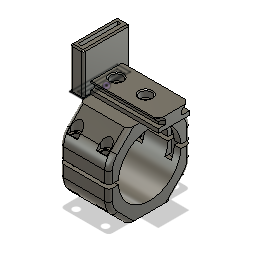
OBS-D-003 v10 (Autodesk Fusion 360 design; units mm, degrees)
Autodesk Fusion 360 part; units mm, degrees
sketch "Skizze1" plane through (0, 0, 0) normal (1, 0, 0) x (0, 0, -1)
  line L0 (-8, 5.2) -> (-6.05, 3.25)
  line L1 (-6.05, 3.25) -> (-6.05, 2)
  line L2 (6.05, 2) -> (6.05, 3.25)
  line L3 (6.05, 3.25) -> (8, 5.2)
  line L4 (8, 5.2) -> (8, 6.5)
  line L5 (8, 6.5) -> (-8, 6.5)
  line L6 (-8, 6.5) -> (-8, 5.2)
  line L7 (-6.05, 2) -> (-8, 2)
  line L8 (-8, 2) -> (-8, 0)
  line L9 (-8, 0) -> (8, 0)
  line L10 (8, 0) -> (8, 2)
  line L11 (8, 2) -> (6.05, 2)
  line L12 (0, 6.5) -> (0, 0) construction
  dimension "d5" = 16
  dimension "d6" = 1.3
  dimension "d8" = 2
  dimension "d26" = 12.1
  dimension "d27" = 4.5
  dimension "d28" = 135
  constraint vertical L1
  constraint perpendicular L2 L5
  constraint perpendicular L5 L6
  constraint vertical L4
  constraint perpendicular L1 L7
  constraint perpendicular L7 L8
  constraint perpendicular L8 L9
  constraint perpendicular L7 L10
  constraint perpendicular L2 L11
  constraint collinear L4 L10
  constraint collinear L6 L8
  constraint midpoint L5 L12.start
  constraint midpoint L9 L12.end
  constraint symmetric L0.start L3.end L12
  constraint symmetric L0.end L2.end L12
  constraint midpoint L12.end L9
  constraint collinear L7 L11
  measures "d5" distance of L4.end L5.end
  measures "d6" distance of L0.start L5.end
  measures "d8" distance of L7 L9
  measures "d26" distance of L1 L2
  measures "d27" distance of L5 L7
  measures "d28" angle of L0 L6
extrude "Extrusion1" add sketch "Skizze1" along normal blind 34.4 makes body 1
sketch "Skizze7" plane through (0, 0, 0) normal (0, 1, 0) x (1, 0, 0)
  line L0 (0, -12) -> (-6.6, -12)
  line L1 (-6.6, -12) -> (-6.6, 12)
  line L2 (-6.6, 12) -> (0, 12)
  line L3 (0, 12) -> (0, -12)
  line L4 (-0.8, -10) -> (-4.6, -10)
  line L5 (-4.6, -10) -> (-4.6, 10)
  line L6 (-4.6, 10) -> (-0.8, 10)
  line L7 (-0.8, 10) -> (-0.8, -10)
  line L8 (0, 0) -> (-0.8, 0) construction
  line L9 (-2.7, -10) -> (-2.7, 10)
  dimension "d82" = 24
  dimension "d83" = 0.8
  dimension "d84" = 2
  dimension "d85" = 3.8
  dimension "d86" = 20
  constraint horizontal L0
  constraint vertical L1
  constraint horizontal L2
  constraint vertical L3
  constraint midpoint L8.start L3
  constraint horizontal L4
  constraint vertical L5
  constraint horizontal L6
  constraint vertical L7
  constraint coincident L8.start origin
  constraint midpoint L7 L8.end
  constraint horizontal L8
  constraint midpoint L4 L9.start
  constraint midpoint L6 L9.end
  measures "d82" distance of L0.start L2.end
  measures "d83" distance of L3 L7
  measures "d84" distance of L1 L5
  measures "d85" distance of L5 L7
  measures "d86" distance of L4.end L5.end
extrude "Extrusion17" add sketch "Skizze7" along normal blind 21.2 bodies 1
extrude "Extrusion18" add sketch "Skizze7" along normal blind 9.7 contours L4 L6 L7 L9 | L4 L5 L6 L9 bodies 1
extrude "Extrusion19" add sketch "Skizze7" against normal blind 1.5 from surface at 21.2 contours L4 L6 L7 L9 bodies 1
sketch "Skizze3" plane through (0, 0, 0) normal (1, 0, 0) x (0, 0, -1)
  circle A0 centre (-2.9687, -21) radius 16
  line L0 (18, -20) -> (18, 0)
  line L1 (18, 0) -> (-23.9374, 0)
  line L2 (-23.9374, 0) -> (-23.9374, -20)
  line L3 (13, -20) -> (-18.9374, -20) construction
  line L4 (13, -20) -> (18, -20)
  line L5 (-18.9374, -20) -> (-23.9374, -20)
  line L6 (13, -22) -> (-18.9374, -22) construction
  line L7 (13, -22) -> (18, -22)
  line L8 (18, -22) -> (18, -42)
  line L9 (18, -42) -> (-23.9374, -42)
  line L10 (-23.9374, -42) -> (-23.9374, -22)
  line L11 (-23.9374, -22) -> (-18.9374, -22)
  line L12 (-2.9687, -21) -> (-2.9687, -5) construction
  line L13 (-2.9687, -37) -> (-2.9687, -21) construction
  dimension "d29" = 32
  dimension "d30" = 5
  dimension "d31" = 5
  dimension "d32" = 18
  dimension "d33" = 1
  dimension "d34" = 1
  dimension "d35" = 5
  dimension "d37" = 5
  constraint coincident A0 L3.start
  constraint coincident A0 L3.end
  constraint horizontal L3
  constraint horizontal L4
  constraint horizontal L5
  constraint vertical L0
  constraint coincident A0 L6.start
  constraint coincident A0 L6.end
  constraint horizontal L6
  constraint perpendicular L0 L7
  constraint perpendicular L10 L11
  constraint coincident A0.centre L12.start
  constraint coincident A0 L12.end
  constraint vertical L12
  constraint horizontal L1
  constraint vertical L2
  constraint vertical L8
  constraint horizontal L9
  constraint vertical L10
  constraint collinear L2 L10
  constraint collinear L0 L8
  constraint coincident A0 L13.start
  constraint perpendicular L6 L13
  constraint coincident origin L1
  measures "d29" diameter of A0
  measures "d30" distance of L0.start L3.start
  measures "d31" distance of L2.end L3.end
  measures "d32" distance of origin L0
  measures "d33" distance of A0.centre L3
  measures "d34" distance of A0.centre L6
  measures "d35" vertical distance of origin L12.end
  measures "d37" distance of L9 L13.start
extrude "Extrusion6" add sketch "Skizze3" along normal blind 25 separate body contours A0 L0 L1 L2 L4 L5 | A0 L7 L8 L9 L10 L11 makes body 2 at (8.3333, -6.3069, 9.3023) makes body 3 at (16.6667, -33.2963, -7.2686)
chamfer "Fase1" distance 10 angle 45 3 edges at (12.5, 0, 23.9374) (12.5, -42, -18) (12.5, -42, 23.9374) on bodies 2 3
chamfer "Fase2" distance 10 angle 45 1 edges at (12.5, 0, -18) on bodies 2
fillet "Abrundung1" radius 10 4 edges at (12.5, -10, 23.9374) (12.5, -10, -18) (12.5, -32, 23.9374) (12.5, -32, -18) on bodies 2 3
ref_plane "Arbeitsebene1" through (0, -9, 0) normal (0, 1, 0) x (0, 0, 1)
sketch "Skizze4" plane through (0, -9, 0) normal (0, 1, 0) x (1, 0, 0)
  line L0 (0, -2.9687) -> (5, -2.9687) construction
  line L1 (3.4, 14.6313) -> (3.4, -20.5687)
  arc A0 (3.4, -20.5687) -> (6.6, -20.5687) centre (5, -20.5687) ccw
  line L2 (6.6, -20.5687) -> (6.6, 14.6313)
  arc A1 (6.6, 14.6313) -> (3.4, 14.6313) centre (5, 14.6313) ccw
  line L3 (5, 14.6313) -> (5, -20.5687) construction
  arc A2 (6.6, -20.5687) -> (3.4, -20.5687) centre (5, -20.5687) ccw
  arc A3 (3.4, 14.6313) -> (6.6, 14.6313) centre (5, 14.6313) ccw
  line L4 (7.75, 14.6313) -> (7.75, 22.6313)
  arc A4 (7.75, 22.6313) -> (2.25, 22.6313) centre (5, 22.6313) ccw
  line L5 (2.25, 22.6313) -> (2.25, 14.6313)
  arc A5 (2.25, 14.6313) -> (7.75, 14.6313) centre (5, 14.6313) ccw
  line L6 (5, 14.6313) -> (5, 22.6313) construction
  line L7 (2.25, -20.5687) -> (2.25, -28.5687)
  arc A6 (2.25, -28.5687) -> (7.75, -28.5687) centre (5, -28.5687) ccw
  line L8 (7.75, -28.5687) -> (7.75, -20.5687)
  arc A7 (7.75, -20.5687) -> (2.25, -20.5687) centre (5, -20.5687) ccw
  line L9 (5, -20.5687) -> (5, -28.5687) construction
  line L10 (12.5, 16.976) -> (12.5, -37.3443) construction
  arc A8 (22.75, 22.6313) -> (17.25, 22.6313) centre (20, 22.6313) ccw
  line L11 (17.25, 14.6313) -> (17.25, 22.6313)
  line L12 (18.4, -20.5687) -> (18.4, 14.6313)
  arc A9 (21.6, -20.5687) -> (18.4, -20.5687) centre (20, -20.5687) ccw
  line L13 (17.25, -28.5687) -> (17.25, -20.5687)
  arc A10 (21.6, 14.6313) -> (18.4, 14.6313) centre (20, 14.6313) ccw
  arc A11 (17.25, -28.5687) -> (22.75, -28.5687) centre (20, -28.5687) ccw
  arc A12 (22.75, -20.5687) -> (17.25, -20.5687) centre (20, -20.5687) ccw
  line L14 (22.75, 22.6313) -> (22.75, 14.6313)
  line L15 (20, 14.6313) -> (20, -20.5687) construction
  arc A13 (18.4, -20.5687) -> (21.6, -20.5687) centre (20, -20.5687) ccw
  line L16 (20, -20.5687) -> (20, -28.5687) construction
  line L17 (22.75, -20.5687) -> (22.75, -28.5687)
  line L18 (20, 14.6313) -> (20, 22.6313) construction
  arc A14 (18.4, 14.6313) -> (21.6, 14.6313) centre (20, 14.6313) ccw
  line L19 (21.6, 14.6313) -> (21.6, -20.5687)
  arc A15 (17.25, 14.6313) -> (22.75, 14.6313) centre (20, 14.6313) ccw
  line L20 (2.25, 16.2313) -> (7.75, 16.2313)
  line L21 (6.6, 16.2313) -> (6.6, 13.0313)
  line L22 (7.2366, 13.0313) -> (2.7634, 13.0313)
  line L23 (3.4, 13.0313) -> (3.4, 16.2313)
  line L24 (17.25, 16.2313) -> (22.75, 16.2313)
  line L25 (21.6, 16.2313) -> (21.6, 13.0313)
  line L26 (22.2366, 13.0313) -> (17.7634, 13.0313)
  line L27 (18.4, 13.0313) -> (18.4, 16.2313)
  line L28 (2.7634, -18.9687) -> (7.2366, -18.9687)
  line L29 (6.6, -18.9687) -> (6.6, -22.1687)
  line L30 (7.75, -22.1687) -> (2.25, -22.1687)
  line L31 (3.4, -22.1687) -> (3.4, -18.9687)
  line L32 (17.7634, -18.9687) -> (22.2366, -18.9687)
  line L33 (21.6, -18.9687) -> (21.6, -22.1687)
  line L34 (22.75, -22.1687) -> (17.25, -22.1687)
  line L35 (18.4, -22.1687) -> (18.4, -18.9687)
  point P0 (0, -2.9687)
  point P1 (5, -2.9687)
  point P2 (5, -18.9687)
  point P3 (5, 13.0313)
  point P4 (20, -2.9687)
  point P5 (20, 13.0313)
  point P6 (20, -2.9687)
  point P7 (20, -18.9687)
  dimension "d43" = 5
  dimension "d44" = 1.6
  dimension "d45" = 32
  dimension "d46" = 5.5
  dimension "d47" = 5.5
  dimension "d48" = 8
  dimension "d49" = 8
  dimension "d59" = 12.5
  constraint horizontal L0
  constraint tangent L1 A0
  constraint tangent A0 L2
  constraint parallel L1 L2
  constraint tangent L2 A1
  constraint tangent L1 A1
  constraint perpendicular L0 L3
  constraint coincident P1 L0.end
  constraint midpoint L3 P1
  constraint tangent L1 A2
  constraint tangent L2 A3
  constraint midpoint A2 P2
  constraint midpoint A3 P3
  constraint tangent L4 A4
  constraint tangent A4 L5
  constraint parallel L4 L5
  constraint tangent L5 A5
  constraint tangent L4 A5
  constraint parallel L3 L6
  constraint coincident A1.centre L3.start
  constraint tangent L7 A6
  constraint tangent A6 L8
  constraint parallel L7 L8
  constraint tangent L8 A7
  constraint tangent L7 A7
  constraint parallel L3 L9
  constraint coincident A0.centre L3.end
  constraint vertical L10
  constraint symmetric P1 L10 P6
  constraint symmetric L1.start L10 A10.start
  constraint symmetric L1.end L10 A9.start
  constraint symmetric A0.end L10 L12.start
  constraint symmetric L2.end L10 L12.end
  constraint symmetric A0 L10 A13
  constraint symmetric A1 L10 A10
  constraint symmetric A2 L10 A9
  constraint symmetric A3 L10 A14
  constraint symmetric P2 L10 P7
  constraint symmetric P3 L10 P5
  constraint symmetric L4.start L10 L11.start
  constraint symmetric L4.end L10 A8.end
  constraint symmetric A4.end L10 A8.start
  constraint symmetric L5.end L10 L14.end
  constraint symmetric A4 L10 A8
  constraint symmetric A5 L10 A15
  constraint symmetric L7.start L10 A12.start
  constraint symmetric L7.end L10 A11.end
  constraint symmetric A6.end L10 L13.start
  constraint symmetric L8.end L10 L13.end
  constraint symmetric A6 L10 A11
  constraint symmetric A7 L10 A12
  constraint horizontal L20
  constraint vertical L21
  constraint horizontal L22
  constraint vertical L23
  constraint horizontal L24
  constraint vertical L25
  constraint horizontal L26
  constraint vertical L27
  constraint horizontal L28
  constraint vertical L29
  constraint horizontal L30
  constraint vertical L31
  constraint horizontal L32
  constraint vertical L33
  constraint horizontal L34
  constraint vertical L35
  constraint tangent A0 L29
  constraint tangent A2 L28
  constraint tangent A2 L31
  constraint tangent A0 L30
  constraint tangent A13 L33
  constraint tangent A9 L32
  constraint tangent A13 L35
  constraint tangent A13 L34
  constraint tangent A10 L25
  constraint tangent A10 L27
  constraint tangent A10 L24
  constraint tangent A14 L26
  constraint tangent A3 L22
  constraint tangent A3 L21
  constraint tangent A1 L23
  constraint tangent A1 L20
  constraint coincident L4 L20.end
  constraint coincident L21.start L20
  constraint coincident A5 L22.start
  constraint coincident L21.end L22
  constraint coincident A5 L22.end
  constraint coincident L23.start L22
  constraint coincident L5 L20.start
  constraint coincident L23.end L20
  constraint coincident L11 L24.start
  constraint coincident L27.end L24
  constraint coincident A15 L26.end
  constraint coincident L27.start L26
  constraint coincident A15 L26.start
  constraint coincident L25.end L26
  constraint coincident L14 L24.end
  constraint coincident L25.start L24
  constraint coincident A12 L32.start
  constraint coincident L35.end L32
  constraint coincident A12 L32.end
  constraint coincident L33.start L32
  constraint coincident L33.end L34
  constraint coincident L35.start L34
  constraint coincident A7 L28.end
  constraint coincident L29.start L28
  constraint coincident L29.end L30
  constraint coincident L31.start L30
  constraint coincident A7 L28.start
  constraint coincident L31.end L28
  constraint coincident P0 L0
  constraint coincident P0 L0.start
  measures "d43" distance of P0 P1
  measures "d44" radius of A0
  measures "d45" distance of P2 P3
  measures "d46" distance of L4 L5
  measures "d47" distance of L7 L8
  measures "d48" distance of A1.centre A4.centre
  measures "d49" distance of A0.centre A6.centre
  measures "d59" distance of P0 L10
extrude "Extrusion7" cut sketch "Skizze4" along normal up to surface (9 mm away) contours L1 A3 L22 L23 | A1 L20 L23 | A1 A3 | L1 L5 A5 L20 L22 L23 | L1 L2 A5 L22 | L1 A5 L22 | A1 L20 L21 | L4 A4 L5 L20 | L2 A3 L21 L22 | L2 L4 A5 L20 L21 L22 | L2 A5 L22 | L1 L2 A7 L28 | L1 A7 L28 | L1 A2 L28 L31 | L1 L7 A7 L28 L30 L31 | L2 A7 L28 | A0 A2 | A0 L30 L31 | L2 A2 L28 L29 | L2 L8 A7 L28 L29 L30 | A0 L29 L30 | L7 A6 L8 L30 | A8 L11 L14 L24 | L14 L19 A15 L24 L25 L26 | L11 L12 A15 L24 L26 L27 | A10 L24 L25 | A10 L24 L27 | L19 A15 L26 | A10 A14 | A14 L19 L25 L26 | L12 A15 L26 | L12 A14 L26 L27 | L12 L19 A15 L26 | L12 A12 L19 L32 | A12 L19 L32 | L12 A12 L32 | A12 L17 L19 L32 L33 L34 | A9 L19 L32 L33 | L12 A9 L32 L35 | L12 L13 A12 L32 L34 L35 | A9 A13 | A13 L33 L34 | A13 L34 L35 | L13 A11 L17 L34 bodies 2
extrude "Extrusion8" cut sketch "Skizze4" along normal blind -19 and the other way blind 3 contours L1 A3 L22 L23 | A1 A3 | L1 L2 A5 L22 | L2 A3 L21 L22 | L1 L2 A5 A7 | L1 L2 A7 L28 | L1 A2 L28 L31 | A0 A2 | L2 A2 L28 L29 | A10 A14 | A14 L19 L25 L26 | L12 A14 L26 L27 | L12 L19 A15 L26 | L12 A12 L19 A15 | L12 A12 L19 L32 | A9 L19 L32 L33 | L12 A9 L32 L35 | A9 A13 bodies 2 3
extrude "Extrusion9" cut sketch "Skizze4" against normal blind 37 contours A1 A3 | A0 A2 | A10 A14 | A9 A13 bodies 2 3
extrude "Extrusion13" cut sketch "Skizze4" against normal blind 0.3 contours L1 L5 A5 L20 L22 L23 | L2 L4 A5 L20 L21 L22 | L1 L7 A7 L28 L30 L31 | L2 L8 A7 L28 L29 L30 | L14 L19 A15 L24 L25 L26 | L11 L12 A15 L24 L26 L27 | A12 L17 L19 L32 L33 L34 | L12 L13 A12 L32 L34 L35 bodies 2
extrude "Extrusion14" cut sketch "Skizze4" against normal blind 0.6 contours L1 A3 L22 L23 | A1 L20 L23 | A1 L20 L21 | L2 A3 L21 L22 | L1 A2 L28 L31 | A0 L30 L31 | L2 A2 L28 L29 | A0 L29 L30 | A10 L24 L25 | A10 L24 L27 | A14 L19 L25 L26 | L12 A14 L26 L27 | A9 L19 L32 L33 | L12 A9 L32 L35 | A13 L33 L34 | A13 L34 L35 bodies 2
ref_plane "Arbeitsebene2" through (0, -33, 0) normal (0, 1, 0) x (0, 0, 1)
sketch "Skizze5" plane through (0, -33, 0) normal (0, 1, 0) x (1, 0, 0)
  arc A0 (21.6, 14.6313) -> (18.4, 14.6313) centre (20, 14.6313) ccw
  arc A1 (6.6, 14.6313) -> (3.4, 14.6313) centre (5, 14.6313) ccw
  arc A2 (3.4, -20.5687) -> (6.6, -20.5687) centre (5, -20.5687) ccw
  arc A3 (18.4, -20.5687) -> (21.6, -20.5687) centre (20, -20.5687) ccw
  line L0 (2.2, 13.0147) -> (5, 11.3981)
  line L1 (5, 11.3981) -> (7.8, 13.0147)
  line L2 (7.8, 13.0147) -> (7.8, 16.2479)
  line L3 (7.8, 16.2479) -> (5, 17.8644)
  line L4 (5, 17.8644) -> (2.2, 16.2479)
  line L5 (2.2, 16.2479) -> (2.2, 13.0147)
  line L6 (2.2, -22.1853) -> (5, -23.8019)
  line L7 (5, -23.8019) -> (7.8, -22.1853)
  line L8 (7.8, -22.1853) -> (7.8, -18.9521)
  line L9 (7.8, -18.9521) -> (5, -17.3356)
  line L10 (5, -17.3356) -> (2.2, -18.9521)
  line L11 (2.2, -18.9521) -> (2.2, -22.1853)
= = = = =
**WORK TASK:**
Look back at the entries above. Retype the line with "constraint vertical L7", the line with "L6 L9 bodies 1", and all lines in between.

**TASK ANSWER:**
  constraint vertical L7
  constraint coincident L8.start origin
  constraint midpoint L7 L8.end
  constraint horizontal L8
  constraint midpoint L4 L9.start
  constraint midpoint L6 L9.end
  measures "d82" distance of L0.start L2.end
  measures "d83" distance of L3 L7
  measures "d84" distance of L1 L5
  measures "d85" distance of L5 L7
  measures "d86" distance of L4.end L5.end
extrude "Extrusion17" add sketch "Skizze7" along normal blind 21.2 bodies 1
extrude "Extrusion18" add sketch "Skizze7" along normal blind 9.7 contours L4 L6 L7 L9 | L4 L5 L6 L9 bodies 1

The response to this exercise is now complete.